Re: Services don't warn on stop/waiting
Posted: Mon Jun 15, 2015 2:53 am
by courhar
So i ran those commands and got the expected outputs (I stopped the service after the first two runs). The problem however is that on the Nagios XI dashboard it doesn't seem to pick up that stop/waiting is bad and therefore does not alarm me when that service is off? As shown in the second command the processes are green and 'Ok' regardless of start/running or stop/waiting.
Thanks
Harry
Re: Services don't warn on stop/waiting
Posted: Mon Jun 15, 2015 9:31 am
by tmcdonald
On the remote machine, can you please show us how you have the check_init_service command defined? It will be in your nrpe.cfg
Re: Services don't warn on stop/waiting
Posted: Tue Jun 16, 2015 2:55 am
by courhar
So this is the definition of the service on the nagios server, is this what you meant? Is there something to enter in here or somewhere else on the nagios side where you define stop/waiting as an error?
Thanks
Courhar
Re: Services don't warn on stop/waiting
Posted: Tue Jun 16, 2015 10:03 am
by lmiltchev
So i ran those commands and got the expected outputs
What you expect might be different that what I expect... Can you, please run the following commands from the CLI and show us the output (when the service on the remote box is running, and when it is stopped):
Code: Select all
/usr/local/nagios/libexec/check_nrpe -H <client ip> -t 30 -c check_init_service -a 'heat-api'
echo $?
su nagios
/usr/local/nagios/libexec/check_nrpe -H <client ip> -t 30 -c check_init_service -a 'heat-api'
echo $?
So this is the definition of the service on the nagios server, is this what you meant?

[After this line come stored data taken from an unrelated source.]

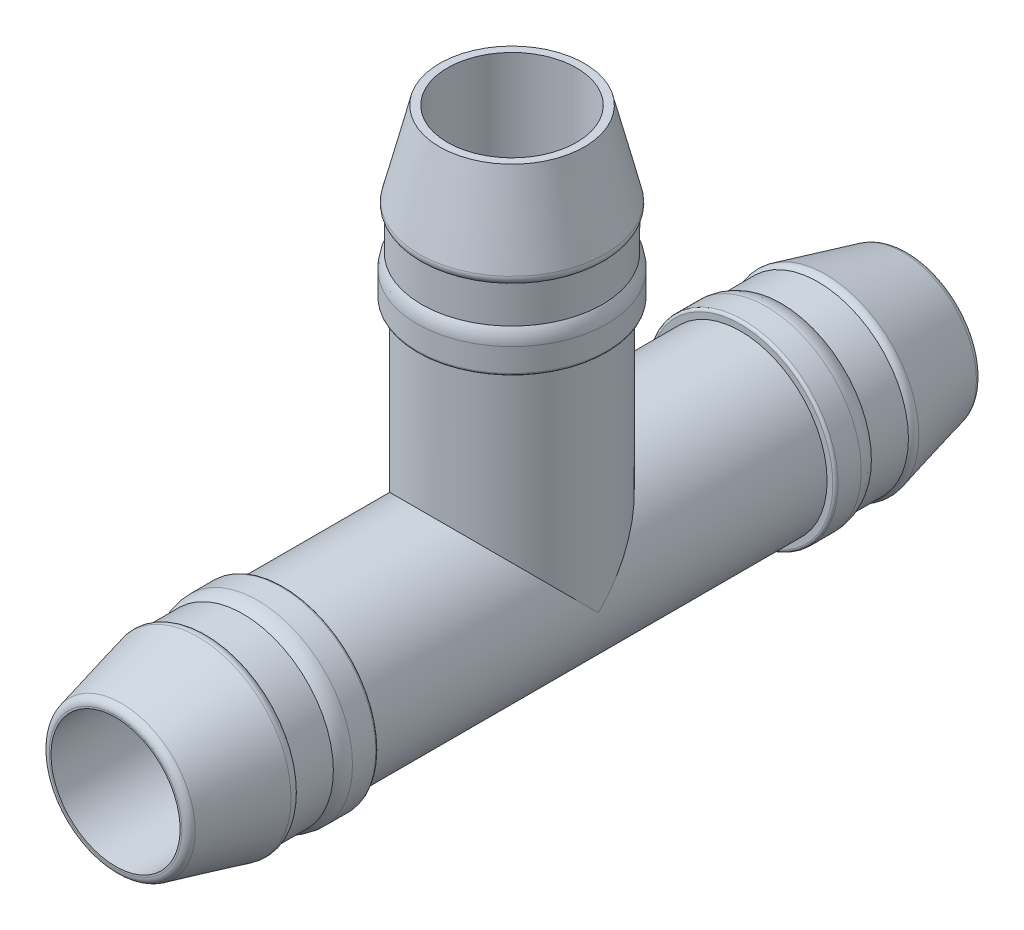
ISO-10303-21;
HEADER;
FILE_DESCRIPTION(('STEP AP214'),'2;1');
FILE_NAME('part.step','',(''),(''),'','','');
FILE_SCHEMA(('AUTOMOTIVE_DESIGN { 1 0 10303 214 1 1 1 1 }'));
ENDSEC;
DATA;
#1=APPLICATION_CONTEXT('core data for automotive mechanical design processes');
#2=APPLICATION_PROTOCOL_DEFINITION('international standard','automotive_design',2000,#1);
#3=PRODUCT_CONTEXT('',#1,'mechanical');
#4=PRODUCT('Part','Part','',(#3));
#5=PRODUCT_RELATED_PRODUCT_CATEGORY('part','',(#4));
#6=PRODUCT_DEFINITION_FORMATION('','',#4);
#7=PRODUCT_DEFINITION_CONTEXT('part definition',#1,'design');
#8=PRODUCT_DEFINITION('design','',#6,#7);
#9=PRODUCT_DEFINITION_SHAPE('','',#8);
#10=(LENGTH_UNIT() NAMED_UNIT(*) SI_UNIT(.MILLI.,.METRE.));
#11=(NAMED_UNIT(*) PLANE_ANGLE_UNIT() SI_UNIT($,.RADIAN.));
#12=(NAMED_UNIT(*) SI_UNIT($,.STERADIAN.) SOLID_ANGLE_UNIT());
#13=UNCERTAINTY_MEASURE_WITH_UNIT(LENGTH_MEASURE(1.E-05),#10,'distance_accuracy_value','');
#14=(GEOMETRIC_REPRESENTATION_CONTEXT(3) GLOBAL_UNCERTAINTY_ASSIGNED_CONTEXT((#13)) GLOBAL_UNIT_ASSIGNED_CONTEXT((#10,
#11,#12)) REPRESENTATION_CONTEXT('',''));
#15=CARTESIAN_POINT('',(0.,0.,0.));
#16=DIRECTION('',(0.,0.,1.));
#17=DIRECTION('',(1.,0.,0.));
#18=AXIS2_PLACEMENT_3D('',#15,#16,#17);
#19=CARTESIAN_POINT('',(0.,0.,-8.85));
#20=DIRECTION('',(0.,0.,1.));
#21=DIRECTION('',(1.,0.,0.));
#22=AXIS2_PLACEMENT_3D('',#19,#20,#21);
#23=CYLINDRICAL_SURFACE('',#22,3.35);
#24=CARTESIAN_POINT('',(0.,0.,-8.85));
#25=DIRECTION('',(0.,0.,1.));
#26=DIRECTION('',(1.,0.,0.));
#27=AXIS2_PLACEMENT_3D('',#24,#25,#26);
#28=CIRCLE('',#27,3.35);
#29=CARTESIAN_POINT('',(3.35,0.,-8.85));
#30=VERTEX_POINT('',#29);
#31=EDGE_CURVE('E91',#30,#30,#28,.T.);
#32=ORIENTED_EDGE('',*,*,#31,.T.);
#33=EDGE_LOOP('',(#32));
#34=FACE_BOUND('',#33,.T.);
#35=CARTESIAN_POINT('',(0.,0.,8.85));
#36=DIRECTION('',(0.,0.,1.));
#37=DIRECTION('',(1.,0.,0.));
#38=AXIS2_PLACEMENT_3D('',#35,#36,#37);
#39=CIRCLE('',#38,3.35);
#40=CARTESIAN_POINT('',(3.35,0.,8.85));
#41=VERTEX_POINT('',#40);
#42=EDGE_CURVE('E95',#41,#41,#39,.T.);
#43=ORIENTED_EDGE('',*,*,#42,.F.);
#44=EDGE_LOOP('',(#43));
#45=FACE_BOUND('',#44,.T.);
#46=CARTESIAN_POINT('',(0.,0.,0.));
#47=DIRECTION('',(0.,0.707106781186547,0.707106781186547));
#48=DIRECTION('',(0.,-0.707106781186547,0.707106781186547));
#49=AXIS2_PLACEMENT_3D('',#46,#47,#48);
#50=ELLIPSE('',#49,4.73761543394987,3.35);
#51=CARTESIAN_POINT('',(-3.35,0.,0.));
#52=VERTEX_POINT('',#51);
#53=CARTESIAN_POINT('',(3.35,0.,0.));
#54=VERTEX_POINT('',#53);
#55=EDGE_CURVE('E139',#52,#54,#50,.F.);
#56=ORIENTED_EDGE('',*,*,#55,.T.);
#57=CARTESIAN_POINT('',(0.,0.,0.));
#58=DIRECTION('',(0.,-0.707106781186547,0.707106781186547));
#59=DIRECTION('',(0.,0.707106781186547,0.707106781186547));
#60=AXIS2_PLACEMENT_3D('',#57,#58,#59);
#61=ELLIPSE('',#60,4.73761543394987,3.35);
#62=EDGE_CURVE('E54',#54,#52,#61,.T.);
#63=ORIENTED_EDGE('',*,*,#62,.T.);
#64=EDGE_LOOP('',(#56,#63));
#65=FACE_BOUND('',#64,.T.);
#66=ADVANCED_FACE('F33',(#34,#45,#65),#23,.T.);
#67=CARTESIAN_POINT('',(0.,0.,-9.85));
#68=DIRECTION('',(0.,0.,-1.));
#69=DIRECTION('',(-1.,0.,0.));
#70=AXIS2_PLACEMENT_3D('',#67,#68,#69);
#71=TOROIDAL_SURFACE('',#70,2.675,1.);
#72=CARTESIAN_POINT('',(0.,0.,-9.85));
#73=DIRECTION('',(0.,0.,-1.));
#74=DIRECTION('',(-1.,0.,0.));
#75=AXIS2_PLACEMENT_3D('',#72,#73,#74);
#76=CIRCLE('',#75,3.675);
#77=CARTESIAN_POINT('',(-3.675,0.,-9.85));
#78=VERTEX_POINT('',#77);
#79=EDGE_CURVE('E121',#78,#78,#76,.F.);
#80=ORIENTED_EDGE('',*,*,#79,.F.);
#81=EDGE_LOOP('',(#80));
#82=FACE_BOUND('',#81,.T.);
#83=CARTESIAN_POINT('',(0.,0.,-10.4151327277729));
#84=DIRECTION('',(0.,0.,1.));
#85=DIRECTION('',(1.,0.,0.));
#86=AXIS2_PLACEMENT_3D('',#83,#84,#85);
#87=CIRCLE('',#86,3.5);
#88=CARTESIAN_POINT('',(3.5,0.,-10.4151327277729));
#89=VERTEX_POINT('',#88);
#90=EDGE_CURVE('E88',#89,#89,#87,.F.);
#91=ORIENTED_EDGE('',*,*,#90,.F.);
#92=EDGE_LOOP('',(#91));
#93=FACE_BOUND('',#92,.T.);
#94=ADVANCED_FACE('F165',(#82,#93),#71,.T.);
#95=CARTESIAN_POINT('',(0.,0.,10.85));
#96=DIRECTION('',(0.,0.,-1.));
#97=DIRECTION('',(-1.,0.,0.));
#98=AXIS2_PLACEMENT_3D('',#95,#96,#97);
#99=CYLINDRICAL_SURFACE('',#98,3.675);
#100=CARTESIAN_POINT('',(0.,0.,8.95));
#101=DIRECTION('',(0.,0.,1.));
#102=DIRECTION('',(1.,0.,0.));
#103=AXIS2_PLACEMENT_3D('',#100,#101,#102);
#104=CIRCLE('',#103,3.675);
#105=CARTESIAN_POINT('',(3.675,0.,8.95));
#106=VERTEX_POINT('',#105);
#107=EDGE_CURVE('E115',#106,#106,#104,.T.);
#108=ORIENTED_EDGE('',*,*,#107,.T.);
#109=EDGE_LOOP('',(#108));
#110=FACE_BOUND('',#109,.T.);
#111=CARTESIAN_POINT('',(0.,0.,9.85));
#112=DIRECTION('',(0.,0.,1.));
#113=DIRECTION('',(1.,0.,0.));
#114=AXIS2_PLACEMENT_3D('',#111,#112,#113);
#115=CIRCLE('',#114,3.675);
#116=CARTESIAN_POINT('',(3.675,0.,9.85));
#117=VERTEX_POINT('',#116);
#118=EDGE_CURVE('E98',#117,#117,#115,.F.);
#119=ORIENTED_EDGE('',*,*,#118,.T.);
#120=EDGE_LOOP('',(#119));
#121=FACE_BOUND('',#120,.T.);
#122=ADVANCED_FACE('F171',(#110,#121),#99,.T.);
#123=CARTESIAN_POINT('',(0.,0.,8.85));
#124=DIRECTION('',(0.,0.,1.));
#125=DIRECTION('',(1.,0.,0.));
#126=AXIS2_PLACEMENT_3D('',#123,#124,#125);
#127=PLANE('',#126);
#128=CARTESIAN_POINT('',(0.,0.,8.85));
#129=DIRECTION('',(0.,0.,1.));
#130=DIRECTION('',(1.,0.,0.));
#131=AXIS2_PLACEMENT_3D('',#128,#129,#130);
#132=CIRCLE('',#131,3.575);
#133=CARTESIAN_POINT('',(3.575,0.,8.85));
#134=VERTEX_POINT('',#133);
#135=EDGE_CURVE('E118',#134,#134,#132,.F.);
#136=ORIENTED_EDGE('',*,*,#135,.T.);
#137=EDGE_LOOP('',(#136));
#138=FACE_BOUND('',#137,.T.);
#139=ORIENTED_EDGE('',*,*,#42,.T.);
#140=EDGE_LOOP('',(#139));
#141=FACE_BOUND('',#140,.T.);
#142=ADVANCED_FACE('F182',(#138,#141),#127,.F.);
#143=CARTESIAN_POINT('',(0.,0.,9.85));
#144=DIRECTION('',(0.,0.,1.));
#145=DIRECTION('',(1.,0.,0.));
#146=AXIS2_PLACEMENT_3D('',#143,#144,#145);
#147=TOROIDAL_SURFACE('',#146,2.675,1.);
#148=CARTESIAN_POINT('',(0.,0.,10.4151327277729));
#149=DIRECTION('',(0.,0.,-1.));
#150=DIRECTION('',(-1.,0.,0.));
#151=AXIS2_PLACEMENT_3D('',#148,#149,#150);
#152=CIRCLE('',#151,3.5);
#153=CARTESIAN_POINT('',(3.5,0.,10.4151327277729));
#154=VERTEX_POINT('',#153);
#155=EDGE_CURVE('E103',#154,#154,#152,.F.);
#156=ORIENTED_EDGE('',*,*,#155,.F.);
#157=EDGE_LOOP('',(#156));
#158=FACE_BOUND('',#157,.T.);
#159=ORIENTED_EDGE('',*,*,#118,.F.);
#160=EDGE_LOOP('',(#159));
#161=FACE_BOUND('',#160,.T.);
#162=ADVANCED_FACE('F178',(#158,#161),#147,.T.);
#163=CARTESIAN_POINT('',(0.,0.,-8.851));
#164=DIRECTION('',(0.,0.,1.));
#165=DIRECTION('',(1.,0.,0.));
#166=AXIS2_PLACEMENT_3D('',#163,#164,#165);
#167=CYLINDRICAL_SURFACE('',#166,3.5);
#168=CARTESIAN_POINT('',(0.,0.,11.85));
#169=DIRECTION('',(0.,0.,1.));
#170=DIRECTION('',(1.,0.,0.));
#171=AXIS2_PLACEMENT_3D('',#168,#169,#170);
#172=CIRCLE('',#171,3.5);
#173=CARTESIAN_POINT('',(3.5,0.,11.85));
#174=VERTEX_POINT('',#173);
#175=EDGE_CURVE('E92',#174,#174,#172,.T.);
#176=CARTESIAN_POINT('',(3.5,0.,10.4151327277729));
#177=CARTESIAN_POINT('',(3.5,0.,10.4300792618586));
#178=CARTESIAN_POINT('',(3.5,0.,10.4450257959443));
#179=CARTESIAN_POINT('',(3.5,0.,10.4749188641157));
#180=CARTESIAN_POINT('',(3.5,0.,10.4898653982014));
#181=CARTESIAN_POINT('',(3.5,0.,10.5197584663728));
#182=CARTESIAN_POINT('',(3.5,0.,10.5347050004585));
#183=CARTESIAN_POINT('',(3.5,0.,10.5645980686299));
#184=CARTESIAN_POINT('',(3.5,0.,10.5795446027156));
#185=CARTESIAN_POINT('',(3.5,0.,10.609437670887));
#186=CARTESIAN_POINT('',(3.5,0.,10.6243842049727));
#187=CARTESIAN_POINT('',(3.5,0.,10.6542772731441));
#188=CARTESIAN_POINT('',(3.5,0.,10.6692238072298));
#189=CARTESIAN_POINT('',(3.5,0.,10.6991168754012));
#190=CARTESIAN_POINT('',(3.5,0.,10.7140634094869));
#191=CARTESIAN_POINT('',(3.5,0.,10.7439564776583));
#192=CARTESIAN_POINT('',(3.5,0.,10.7589030117439));
#193=CARTESIAN_POINT('',(3.5,0.,10.7887960799153));
#194=CARTESIAN_POINT('',(3.5,0.,10.803742614001));
#195=CARTESIAN_POINT('',(3.5,0.,10.8336356821724));
#196=CARTESIAN_POINT('',(3.5,0.,10.8485822162581));
#197=CARTESIAN_POINT('',(3.5,0.,10.8784752844295));
#198=CARTESIAN_POINT('',(3.5,0.,10.8934218185152));
#199=CARTESIAN_POINT('',(3.5,0.,10.9233148866866));
#200=CARTESIAN_POINT('',(3.5,0.,10.9382614207723));
#201=CARTESIAN_POINT('',(3.5,0.,10.9681544889437));
#202=CARTESIAN_POINT('',(3.5,0.,10.9831010230294));
#203=CARTESIAN_POINT('',(3.5,0.,11.0129940912008));
#204=CARTESIAN_POINT('',(3.5,0.,11.0279406252865));
#205=CARTESIAN_POINT('',(3.5,0.,11.0578336934579));
#206=CARTESIAN_POINT('',(3.5,0.,11.0727802275436));
#207=CARTESIAN_POINT('',(3.5,0.,11.102673295715));
#208=CARTESIAN_POINT('',(3.5,0.,11.1176198298007));
#209=CARTESIAN_POINT('',(3.5,0.,11.1475128979721));
#210=CARTESIAN_POINT('',(3.5,0.,11.1624594320578));
#211=CARTESIAN_POINT('',(3.5,0.,11.1923525002292));
#212=CARTESIAN_POINT('',(3.5,0.,11.2072990343149));
#213=CARTESIAN_POINT('',(3.5,0.,11.2371921024863));
#214=CARTESIAN_POINT('',(3.5,0.,11.252138636572));
#215=CARTESIAN_POINT('',(3.5,0.,11.2820317047434));
#216=CARTESIAN_POINT('',(3.5,0.,11.2969782388291));
#217=CARTESIAN_POINT('',(3.5,0.,11.3268713070005));
#218=CARTESIAN_POINT('',(3.5,0.,11.3418178410862));
#219=CARTESIAN_POINT('',(3.5,0.,11.3717109092576));
#220=CARTESIAN_POINT('',(3.5,0.,11.3866574433433));
#221=CARTESIAN_POINT('',(3.5,0.,11.4165505115147));
#222=CARTESIAN_POINT('',(3.5,0.,11.4314970456004));
#223=CARTESIAN_POINT('',(3.5,0.,11.4613901137718));
#224=CARTESIAN_POINT('',(3.5,0.,11.4763366478575));
#225=CARTESIAN_POINT('',(3.5,0.,11.5062297160289));
#226=CARTESIAN_POINT('',(3.5,0.,11.5211762501146));
#227=CARTESIAN_POINT('',(3.5,0.,11.551069318286));
#228=CARTESIAN_POINT('',(3.5,0.,11.5660158523717));
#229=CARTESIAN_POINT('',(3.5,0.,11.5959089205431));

Actually, tmcdonald wanted to see the check_init_service command definition on the remote machine (devops-os-hos01.devops.local), not on the Nagios XI server. If you used our Linux agent installer, the "check_init_service" command definition should be located in the "/usr/local/nagios/etc/nrpe/common.cfg" file on the client.
Re: Services don't warn on stop/waiting
Posted: Fri Jun 19, 2015 3:44 am
by courhar
Hi guys been away so sorry for the lack of response. From looking in the common.cfg i found the location to where check_init_service was - command[check_init_service]=sudo /usr/local/nagios/libexec/check_init_service $ARG1$
So i followed that and the below is the result.
#!/bin/sh
PROGNAME=`basename $0`
print_usage() {
echo "Usage: $PROGNAME"
}
print_help() {
echo ""
print_usage
echo ""
echo "This plugin checks the status of services normally started by the init process."
echo ""
support
exit 0
}
case "$1" in
--help)
print_help
exit 0
;;
-h)
print_help
exit 0
;;
*)
if [ $# -eq 1 ]; then
/sbin/service $1 status
ret=$?
case "$ret" in
0)
exit $ret
;;
*)
exit 2
;;
esac
else
echo "ERROR: No service name specified on command line"
exit 3
fi
;;
esac
I also ran the commands you asked, these are shown in the pictures.